# Word-Serienmail mit Anhang



## ChriMo (3. März 2004)

Hallo
Word-Serienbrief als Serienmail wegzumailen sodass der jeweilige Brief selbst als Anhang - kein Problem.
Jedoch:
Möchte, dass bei allen Mails eine (oder mehrere) Dateien dazugehängt werden und dass auch noch bei jedem eine Email-Nachricht dabei ist.

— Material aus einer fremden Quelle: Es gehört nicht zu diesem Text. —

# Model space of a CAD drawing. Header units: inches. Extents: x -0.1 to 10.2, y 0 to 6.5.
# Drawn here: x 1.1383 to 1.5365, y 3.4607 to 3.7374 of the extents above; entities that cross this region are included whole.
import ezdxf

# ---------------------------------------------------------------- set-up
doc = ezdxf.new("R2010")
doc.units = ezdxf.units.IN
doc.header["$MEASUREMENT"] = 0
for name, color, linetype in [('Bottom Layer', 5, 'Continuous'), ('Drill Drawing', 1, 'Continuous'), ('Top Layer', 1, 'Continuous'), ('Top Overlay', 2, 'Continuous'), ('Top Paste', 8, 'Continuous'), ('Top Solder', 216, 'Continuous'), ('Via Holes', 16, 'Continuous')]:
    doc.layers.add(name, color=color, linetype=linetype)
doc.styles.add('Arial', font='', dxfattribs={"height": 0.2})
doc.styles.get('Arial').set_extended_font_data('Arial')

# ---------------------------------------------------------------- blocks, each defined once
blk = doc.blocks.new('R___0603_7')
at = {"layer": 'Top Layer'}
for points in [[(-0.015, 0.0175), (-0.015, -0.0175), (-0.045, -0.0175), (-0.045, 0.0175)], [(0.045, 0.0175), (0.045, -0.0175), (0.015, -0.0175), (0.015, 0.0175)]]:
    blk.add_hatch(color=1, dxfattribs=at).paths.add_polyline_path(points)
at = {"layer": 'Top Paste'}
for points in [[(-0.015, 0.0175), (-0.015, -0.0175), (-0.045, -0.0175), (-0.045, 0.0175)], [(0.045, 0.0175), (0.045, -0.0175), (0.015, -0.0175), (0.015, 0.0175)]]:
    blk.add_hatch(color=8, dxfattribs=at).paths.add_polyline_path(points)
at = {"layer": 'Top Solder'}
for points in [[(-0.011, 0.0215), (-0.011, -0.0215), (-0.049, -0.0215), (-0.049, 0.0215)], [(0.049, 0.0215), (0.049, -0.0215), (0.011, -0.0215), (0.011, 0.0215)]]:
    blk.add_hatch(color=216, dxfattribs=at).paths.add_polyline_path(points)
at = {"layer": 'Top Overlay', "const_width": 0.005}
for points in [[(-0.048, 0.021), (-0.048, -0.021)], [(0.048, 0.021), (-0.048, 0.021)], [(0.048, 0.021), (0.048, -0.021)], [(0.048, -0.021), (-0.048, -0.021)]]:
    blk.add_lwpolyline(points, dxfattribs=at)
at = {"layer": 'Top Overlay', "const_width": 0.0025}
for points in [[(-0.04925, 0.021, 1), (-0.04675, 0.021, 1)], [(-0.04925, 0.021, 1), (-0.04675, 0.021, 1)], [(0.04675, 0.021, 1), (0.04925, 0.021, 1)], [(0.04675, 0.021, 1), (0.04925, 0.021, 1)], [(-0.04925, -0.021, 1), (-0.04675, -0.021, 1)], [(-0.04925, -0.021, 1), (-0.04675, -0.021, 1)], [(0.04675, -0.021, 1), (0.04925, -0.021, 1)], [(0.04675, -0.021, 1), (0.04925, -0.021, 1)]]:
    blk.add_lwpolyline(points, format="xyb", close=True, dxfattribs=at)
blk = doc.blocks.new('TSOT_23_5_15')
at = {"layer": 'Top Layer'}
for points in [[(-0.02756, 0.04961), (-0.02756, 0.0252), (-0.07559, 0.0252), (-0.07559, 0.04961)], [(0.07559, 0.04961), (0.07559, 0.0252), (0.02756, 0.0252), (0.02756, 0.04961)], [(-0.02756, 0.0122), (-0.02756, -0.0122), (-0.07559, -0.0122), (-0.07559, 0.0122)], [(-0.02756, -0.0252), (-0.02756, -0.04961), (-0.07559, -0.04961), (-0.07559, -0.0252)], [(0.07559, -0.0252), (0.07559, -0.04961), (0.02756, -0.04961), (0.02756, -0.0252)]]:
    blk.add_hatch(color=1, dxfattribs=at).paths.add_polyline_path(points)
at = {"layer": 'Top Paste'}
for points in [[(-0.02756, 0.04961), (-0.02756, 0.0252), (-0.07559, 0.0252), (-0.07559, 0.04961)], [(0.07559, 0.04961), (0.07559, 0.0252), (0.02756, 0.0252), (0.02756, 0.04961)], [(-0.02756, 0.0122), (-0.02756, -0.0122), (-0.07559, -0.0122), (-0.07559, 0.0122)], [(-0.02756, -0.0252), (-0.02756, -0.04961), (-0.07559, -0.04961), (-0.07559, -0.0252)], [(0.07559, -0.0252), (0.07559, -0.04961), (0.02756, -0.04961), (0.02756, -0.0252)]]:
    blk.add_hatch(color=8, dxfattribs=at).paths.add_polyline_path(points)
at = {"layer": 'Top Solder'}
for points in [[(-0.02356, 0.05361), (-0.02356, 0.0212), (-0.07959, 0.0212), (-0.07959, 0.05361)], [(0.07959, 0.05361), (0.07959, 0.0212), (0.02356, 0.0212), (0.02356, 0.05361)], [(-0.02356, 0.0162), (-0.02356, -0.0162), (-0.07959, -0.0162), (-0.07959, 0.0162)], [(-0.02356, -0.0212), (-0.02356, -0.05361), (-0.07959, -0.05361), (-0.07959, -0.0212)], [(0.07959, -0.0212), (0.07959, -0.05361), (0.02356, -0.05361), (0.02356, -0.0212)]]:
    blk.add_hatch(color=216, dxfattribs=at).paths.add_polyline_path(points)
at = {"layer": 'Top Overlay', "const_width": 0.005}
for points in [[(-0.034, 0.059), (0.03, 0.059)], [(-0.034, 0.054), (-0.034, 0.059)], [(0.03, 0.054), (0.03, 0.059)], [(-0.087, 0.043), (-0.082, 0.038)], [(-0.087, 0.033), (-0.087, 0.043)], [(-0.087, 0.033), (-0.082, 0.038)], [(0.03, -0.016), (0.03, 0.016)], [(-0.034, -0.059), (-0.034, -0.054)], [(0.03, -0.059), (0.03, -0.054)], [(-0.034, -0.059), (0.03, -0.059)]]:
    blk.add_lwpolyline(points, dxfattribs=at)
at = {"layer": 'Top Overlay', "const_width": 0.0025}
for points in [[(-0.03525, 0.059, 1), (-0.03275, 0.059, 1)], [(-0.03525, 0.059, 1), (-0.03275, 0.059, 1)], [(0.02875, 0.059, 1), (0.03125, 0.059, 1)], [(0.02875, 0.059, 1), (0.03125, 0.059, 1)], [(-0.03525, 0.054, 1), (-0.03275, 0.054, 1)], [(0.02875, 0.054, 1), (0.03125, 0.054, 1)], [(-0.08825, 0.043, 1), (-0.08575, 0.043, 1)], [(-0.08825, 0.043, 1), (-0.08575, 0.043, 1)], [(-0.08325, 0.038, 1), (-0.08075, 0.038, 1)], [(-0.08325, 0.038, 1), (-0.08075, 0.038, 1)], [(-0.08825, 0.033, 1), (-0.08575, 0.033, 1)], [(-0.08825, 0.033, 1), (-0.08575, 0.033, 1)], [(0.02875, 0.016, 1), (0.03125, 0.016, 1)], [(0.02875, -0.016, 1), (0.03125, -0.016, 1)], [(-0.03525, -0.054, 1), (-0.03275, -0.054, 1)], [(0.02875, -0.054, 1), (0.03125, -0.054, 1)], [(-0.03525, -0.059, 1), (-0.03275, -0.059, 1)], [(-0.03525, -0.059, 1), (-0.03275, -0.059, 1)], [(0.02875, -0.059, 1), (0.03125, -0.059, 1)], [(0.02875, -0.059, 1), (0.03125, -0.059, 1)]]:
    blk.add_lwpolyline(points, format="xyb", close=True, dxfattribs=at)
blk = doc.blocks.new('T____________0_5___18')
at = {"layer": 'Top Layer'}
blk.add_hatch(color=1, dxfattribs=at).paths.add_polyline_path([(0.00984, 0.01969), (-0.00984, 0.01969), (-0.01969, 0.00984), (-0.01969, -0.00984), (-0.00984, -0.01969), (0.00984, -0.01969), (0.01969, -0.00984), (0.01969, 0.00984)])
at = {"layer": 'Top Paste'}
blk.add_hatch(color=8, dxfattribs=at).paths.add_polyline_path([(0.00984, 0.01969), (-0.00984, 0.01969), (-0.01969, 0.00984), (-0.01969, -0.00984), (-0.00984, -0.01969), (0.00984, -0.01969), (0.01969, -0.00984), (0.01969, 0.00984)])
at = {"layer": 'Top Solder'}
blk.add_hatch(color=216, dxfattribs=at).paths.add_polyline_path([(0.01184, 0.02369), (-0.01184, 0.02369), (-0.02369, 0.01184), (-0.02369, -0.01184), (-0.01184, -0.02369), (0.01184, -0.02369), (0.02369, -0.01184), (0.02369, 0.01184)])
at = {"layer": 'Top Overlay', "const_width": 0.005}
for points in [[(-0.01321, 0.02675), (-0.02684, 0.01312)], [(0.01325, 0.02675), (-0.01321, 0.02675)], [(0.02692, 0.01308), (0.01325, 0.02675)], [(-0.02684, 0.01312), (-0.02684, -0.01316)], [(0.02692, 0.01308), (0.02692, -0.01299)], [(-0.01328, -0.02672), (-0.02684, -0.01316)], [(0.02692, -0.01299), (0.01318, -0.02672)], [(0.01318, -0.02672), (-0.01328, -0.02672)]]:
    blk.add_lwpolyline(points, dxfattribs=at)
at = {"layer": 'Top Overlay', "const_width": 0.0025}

Hab bis jetzt in VB-Word geschafft, mit Outlook eine neue Email zu erstellen mit Dialogfenster zur Auswahl der Anhang-Datei.
Möchte jedoch, dass beim ersten Mail, das Word aus dem Serienbrief erstellt, nach dem Anhang gefragt wird, und dann für die restlichen mails der selbe Anhang dazukommt.
Und geht das auch mit Oulook Express?
Bei Outlook heißt es ja z.B.: CreateObject("Outlook.Application")
Und bei Outlook Express?

Grüße
ChriMo


----------



## ChriMo (3. März 2004)

Bin, glaub ich, schon etwas weiter:

With ActiveDocument.MailMerge
           anwen = .DataSource.DataFields("EMail").Value
End With

liefert die erste Adresse der Datenbank.
Ich möchte jedoch von den in Word gefilterten Datensätzen den ersten haben - hab ich nicht geschafft.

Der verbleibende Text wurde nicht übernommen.